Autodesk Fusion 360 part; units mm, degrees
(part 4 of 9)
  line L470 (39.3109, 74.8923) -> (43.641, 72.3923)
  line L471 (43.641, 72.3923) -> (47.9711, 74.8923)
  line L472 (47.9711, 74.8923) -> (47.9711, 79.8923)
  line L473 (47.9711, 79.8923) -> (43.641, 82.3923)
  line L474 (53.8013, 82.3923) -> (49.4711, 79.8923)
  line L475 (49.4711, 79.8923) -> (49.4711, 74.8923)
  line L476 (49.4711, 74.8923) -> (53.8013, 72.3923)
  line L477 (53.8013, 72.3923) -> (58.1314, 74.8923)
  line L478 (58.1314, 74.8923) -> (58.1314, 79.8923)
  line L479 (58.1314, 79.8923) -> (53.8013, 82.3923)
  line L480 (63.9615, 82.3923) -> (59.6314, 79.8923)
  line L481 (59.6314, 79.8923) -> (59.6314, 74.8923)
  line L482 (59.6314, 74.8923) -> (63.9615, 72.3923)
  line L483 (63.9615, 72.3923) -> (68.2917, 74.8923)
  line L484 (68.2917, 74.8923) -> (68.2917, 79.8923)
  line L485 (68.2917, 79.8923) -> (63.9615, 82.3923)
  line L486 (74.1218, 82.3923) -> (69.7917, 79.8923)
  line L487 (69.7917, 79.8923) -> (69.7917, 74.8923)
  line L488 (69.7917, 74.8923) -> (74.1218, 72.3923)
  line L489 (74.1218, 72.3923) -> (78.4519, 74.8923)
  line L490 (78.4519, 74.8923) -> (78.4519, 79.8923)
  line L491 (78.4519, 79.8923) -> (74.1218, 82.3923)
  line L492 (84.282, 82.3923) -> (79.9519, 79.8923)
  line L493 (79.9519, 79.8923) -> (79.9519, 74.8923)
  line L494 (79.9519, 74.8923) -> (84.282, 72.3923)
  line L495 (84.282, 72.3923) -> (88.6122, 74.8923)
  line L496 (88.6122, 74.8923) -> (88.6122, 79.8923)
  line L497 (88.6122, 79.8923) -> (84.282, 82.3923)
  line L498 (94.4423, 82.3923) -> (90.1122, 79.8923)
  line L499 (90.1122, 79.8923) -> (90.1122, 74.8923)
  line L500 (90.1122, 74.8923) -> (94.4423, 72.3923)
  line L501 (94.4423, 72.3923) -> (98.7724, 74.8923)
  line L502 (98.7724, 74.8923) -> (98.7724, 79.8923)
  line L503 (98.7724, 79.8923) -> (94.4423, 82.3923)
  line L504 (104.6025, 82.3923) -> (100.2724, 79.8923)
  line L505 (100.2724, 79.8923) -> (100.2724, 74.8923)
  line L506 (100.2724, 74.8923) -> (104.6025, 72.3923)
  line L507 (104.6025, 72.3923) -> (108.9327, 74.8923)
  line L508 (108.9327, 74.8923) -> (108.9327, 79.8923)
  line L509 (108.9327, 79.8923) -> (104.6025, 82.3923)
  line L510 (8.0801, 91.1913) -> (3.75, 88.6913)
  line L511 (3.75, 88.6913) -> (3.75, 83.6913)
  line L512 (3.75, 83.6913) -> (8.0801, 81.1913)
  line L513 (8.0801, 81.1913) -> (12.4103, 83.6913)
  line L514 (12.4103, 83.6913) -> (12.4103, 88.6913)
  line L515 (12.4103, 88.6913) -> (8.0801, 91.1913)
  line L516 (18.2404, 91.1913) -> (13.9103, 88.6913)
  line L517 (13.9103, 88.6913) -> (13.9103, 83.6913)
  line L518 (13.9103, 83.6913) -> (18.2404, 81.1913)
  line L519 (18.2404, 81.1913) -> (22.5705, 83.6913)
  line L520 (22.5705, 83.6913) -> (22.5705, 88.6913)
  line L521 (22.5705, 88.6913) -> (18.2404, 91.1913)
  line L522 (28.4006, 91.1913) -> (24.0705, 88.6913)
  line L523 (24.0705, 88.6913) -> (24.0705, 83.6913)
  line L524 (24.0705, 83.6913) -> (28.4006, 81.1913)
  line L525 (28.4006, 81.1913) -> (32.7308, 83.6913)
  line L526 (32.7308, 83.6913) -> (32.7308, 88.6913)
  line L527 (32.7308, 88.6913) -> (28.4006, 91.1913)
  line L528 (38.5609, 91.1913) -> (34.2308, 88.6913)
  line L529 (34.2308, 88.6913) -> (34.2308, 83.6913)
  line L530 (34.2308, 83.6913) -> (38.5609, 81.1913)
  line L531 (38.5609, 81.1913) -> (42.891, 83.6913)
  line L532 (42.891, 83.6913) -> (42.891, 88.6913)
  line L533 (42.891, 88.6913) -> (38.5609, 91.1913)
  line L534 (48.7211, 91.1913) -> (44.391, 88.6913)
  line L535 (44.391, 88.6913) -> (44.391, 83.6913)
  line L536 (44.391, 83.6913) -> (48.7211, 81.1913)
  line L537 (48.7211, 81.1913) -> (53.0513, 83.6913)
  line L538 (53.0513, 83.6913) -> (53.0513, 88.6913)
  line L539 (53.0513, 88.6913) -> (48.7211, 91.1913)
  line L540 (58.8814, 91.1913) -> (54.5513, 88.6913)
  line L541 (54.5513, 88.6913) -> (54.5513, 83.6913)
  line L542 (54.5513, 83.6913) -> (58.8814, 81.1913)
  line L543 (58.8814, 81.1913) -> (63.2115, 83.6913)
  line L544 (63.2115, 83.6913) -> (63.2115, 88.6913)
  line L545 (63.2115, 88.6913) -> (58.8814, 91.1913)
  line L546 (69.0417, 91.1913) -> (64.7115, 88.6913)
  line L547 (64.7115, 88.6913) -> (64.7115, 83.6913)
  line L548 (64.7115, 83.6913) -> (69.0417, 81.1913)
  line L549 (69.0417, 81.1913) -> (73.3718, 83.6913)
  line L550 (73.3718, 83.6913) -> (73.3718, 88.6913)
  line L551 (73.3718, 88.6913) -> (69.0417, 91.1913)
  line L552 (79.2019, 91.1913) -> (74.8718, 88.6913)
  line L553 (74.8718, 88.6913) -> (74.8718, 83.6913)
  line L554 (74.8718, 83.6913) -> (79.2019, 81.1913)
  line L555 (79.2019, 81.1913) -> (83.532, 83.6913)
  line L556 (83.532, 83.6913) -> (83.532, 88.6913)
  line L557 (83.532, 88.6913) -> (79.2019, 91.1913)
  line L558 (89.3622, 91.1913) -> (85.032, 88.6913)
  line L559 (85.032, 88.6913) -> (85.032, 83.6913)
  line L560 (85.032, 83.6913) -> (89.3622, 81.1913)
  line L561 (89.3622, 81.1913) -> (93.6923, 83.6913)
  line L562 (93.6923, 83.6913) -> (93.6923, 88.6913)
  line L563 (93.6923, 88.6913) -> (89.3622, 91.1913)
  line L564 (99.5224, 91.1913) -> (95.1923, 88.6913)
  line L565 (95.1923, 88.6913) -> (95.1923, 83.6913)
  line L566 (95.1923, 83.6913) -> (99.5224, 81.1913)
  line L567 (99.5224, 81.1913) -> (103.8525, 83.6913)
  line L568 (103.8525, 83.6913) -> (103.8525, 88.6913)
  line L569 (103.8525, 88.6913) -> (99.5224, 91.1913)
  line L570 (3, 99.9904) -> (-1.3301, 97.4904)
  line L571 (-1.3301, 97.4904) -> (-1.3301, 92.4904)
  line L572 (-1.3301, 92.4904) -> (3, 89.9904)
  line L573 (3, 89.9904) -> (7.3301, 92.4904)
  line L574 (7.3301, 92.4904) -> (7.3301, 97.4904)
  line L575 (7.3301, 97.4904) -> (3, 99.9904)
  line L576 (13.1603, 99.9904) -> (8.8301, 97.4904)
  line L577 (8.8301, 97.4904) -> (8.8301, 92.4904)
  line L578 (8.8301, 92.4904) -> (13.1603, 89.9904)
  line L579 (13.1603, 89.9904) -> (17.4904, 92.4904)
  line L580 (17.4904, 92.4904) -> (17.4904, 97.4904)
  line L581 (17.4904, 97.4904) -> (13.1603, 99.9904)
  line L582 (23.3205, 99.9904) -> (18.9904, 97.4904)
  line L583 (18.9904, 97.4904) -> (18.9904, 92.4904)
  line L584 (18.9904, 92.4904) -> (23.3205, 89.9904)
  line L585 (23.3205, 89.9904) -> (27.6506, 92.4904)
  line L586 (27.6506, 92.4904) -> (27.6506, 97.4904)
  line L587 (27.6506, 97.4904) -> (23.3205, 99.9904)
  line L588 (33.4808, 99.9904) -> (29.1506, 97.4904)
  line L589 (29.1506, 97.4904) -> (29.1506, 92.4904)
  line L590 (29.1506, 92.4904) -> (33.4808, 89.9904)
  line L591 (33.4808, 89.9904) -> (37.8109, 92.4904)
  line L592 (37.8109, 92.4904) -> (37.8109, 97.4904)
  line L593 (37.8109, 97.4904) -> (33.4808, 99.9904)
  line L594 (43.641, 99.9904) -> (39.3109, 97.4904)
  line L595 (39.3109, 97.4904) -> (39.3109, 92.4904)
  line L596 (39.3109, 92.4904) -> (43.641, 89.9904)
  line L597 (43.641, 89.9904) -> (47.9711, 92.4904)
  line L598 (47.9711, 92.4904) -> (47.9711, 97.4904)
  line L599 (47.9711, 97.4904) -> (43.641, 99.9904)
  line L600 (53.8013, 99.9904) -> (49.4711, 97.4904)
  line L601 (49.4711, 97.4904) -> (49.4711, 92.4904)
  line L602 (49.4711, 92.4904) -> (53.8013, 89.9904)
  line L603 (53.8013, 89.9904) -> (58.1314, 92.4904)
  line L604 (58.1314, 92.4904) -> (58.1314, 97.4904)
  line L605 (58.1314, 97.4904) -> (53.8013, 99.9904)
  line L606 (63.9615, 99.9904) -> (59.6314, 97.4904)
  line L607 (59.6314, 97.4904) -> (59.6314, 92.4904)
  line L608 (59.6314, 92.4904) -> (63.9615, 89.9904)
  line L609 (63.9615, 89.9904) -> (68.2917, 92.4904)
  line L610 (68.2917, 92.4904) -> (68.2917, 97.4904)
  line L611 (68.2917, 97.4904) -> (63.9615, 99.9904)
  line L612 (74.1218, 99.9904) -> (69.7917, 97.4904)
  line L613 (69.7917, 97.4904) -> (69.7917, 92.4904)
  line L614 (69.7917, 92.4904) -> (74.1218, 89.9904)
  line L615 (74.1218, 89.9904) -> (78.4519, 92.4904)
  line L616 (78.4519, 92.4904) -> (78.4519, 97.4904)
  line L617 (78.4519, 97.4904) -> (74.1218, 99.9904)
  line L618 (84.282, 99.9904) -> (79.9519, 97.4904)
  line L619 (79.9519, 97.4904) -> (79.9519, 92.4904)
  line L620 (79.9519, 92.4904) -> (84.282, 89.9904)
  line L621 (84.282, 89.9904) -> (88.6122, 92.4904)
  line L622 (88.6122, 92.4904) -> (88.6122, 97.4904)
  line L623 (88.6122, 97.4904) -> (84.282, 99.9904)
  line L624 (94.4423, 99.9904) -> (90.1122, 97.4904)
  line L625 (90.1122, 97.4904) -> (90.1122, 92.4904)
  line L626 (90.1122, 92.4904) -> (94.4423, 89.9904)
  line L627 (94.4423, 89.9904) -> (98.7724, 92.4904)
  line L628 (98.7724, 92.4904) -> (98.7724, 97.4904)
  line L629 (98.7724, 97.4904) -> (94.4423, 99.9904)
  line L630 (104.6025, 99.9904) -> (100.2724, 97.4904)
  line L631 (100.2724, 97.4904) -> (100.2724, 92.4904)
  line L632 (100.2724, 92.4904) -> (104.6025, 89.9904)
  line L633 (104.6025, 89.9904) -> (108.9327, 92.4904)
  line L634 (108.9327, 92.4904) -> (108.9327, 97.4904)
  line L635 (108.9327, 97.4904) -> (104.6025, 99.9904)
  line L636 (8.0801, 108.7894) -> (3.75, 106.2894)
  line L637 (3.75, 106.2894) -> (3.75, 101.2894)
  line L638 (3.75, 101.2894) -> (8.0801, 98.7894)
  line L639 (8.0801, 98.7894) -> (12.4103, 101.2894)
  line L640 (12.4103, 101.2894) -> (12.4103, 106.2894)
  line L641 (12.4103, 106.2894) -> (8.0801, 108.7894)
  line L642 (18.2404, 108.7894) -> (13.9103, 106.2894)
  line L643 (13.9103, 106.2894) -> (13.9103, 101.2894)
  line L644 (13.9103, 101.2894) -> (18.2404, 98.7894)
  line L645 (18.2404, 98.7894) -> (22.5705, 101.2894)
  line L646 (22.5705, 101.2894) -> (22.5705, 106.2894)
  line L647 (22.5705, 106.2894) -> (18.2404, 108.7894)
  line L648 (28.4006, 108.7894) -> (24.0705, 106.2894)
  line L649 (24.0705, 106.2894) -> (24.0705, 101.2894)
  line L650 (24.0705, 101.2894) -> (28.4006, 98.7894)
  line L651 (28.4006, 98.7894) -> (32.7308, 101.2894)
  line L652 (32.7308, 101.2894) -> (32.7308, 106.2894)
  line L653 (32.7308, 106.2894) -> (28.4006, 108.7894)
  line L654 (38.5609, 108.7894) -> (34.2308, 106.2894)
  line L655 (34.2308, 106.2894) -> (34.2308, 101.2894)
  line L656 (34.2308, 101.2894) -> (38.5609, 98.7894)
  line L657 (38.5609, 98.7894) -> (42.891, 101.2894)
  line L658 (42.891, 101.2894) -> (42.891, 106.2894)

::::::::::

**How to complete this task**.
Word for word, restate the lines above from the line containing "line L598 (47.9711, 92.4904)" through the line containing "line L605 (58.1314, 97.4904)", with both included and nothing else.

**Solution to this problem**.
  line L598 (47.9711, 92.4904) -> (47.9711, 97.4904)
  line L599 (47.9711, 97.4904) -> (43.641, 99.9904)
  line L600 (53.8013, 99.9904) -> (49.4711, 97.4904)
  line L601 (49.4711, 97.4904) -> (49.4711, 92.4904)
  line L602 (49.4711, 92.4904) -> (53.8013, 89.9904)
  line L603 (53.8013, 89.9904) -> (58.1314, 92.4904)
  line L604 (58.1314, 92.4904) -> (58.1314, 97.4904)
  line L605 (58.1314, 97.4904) -> (53.8013, 99.9904)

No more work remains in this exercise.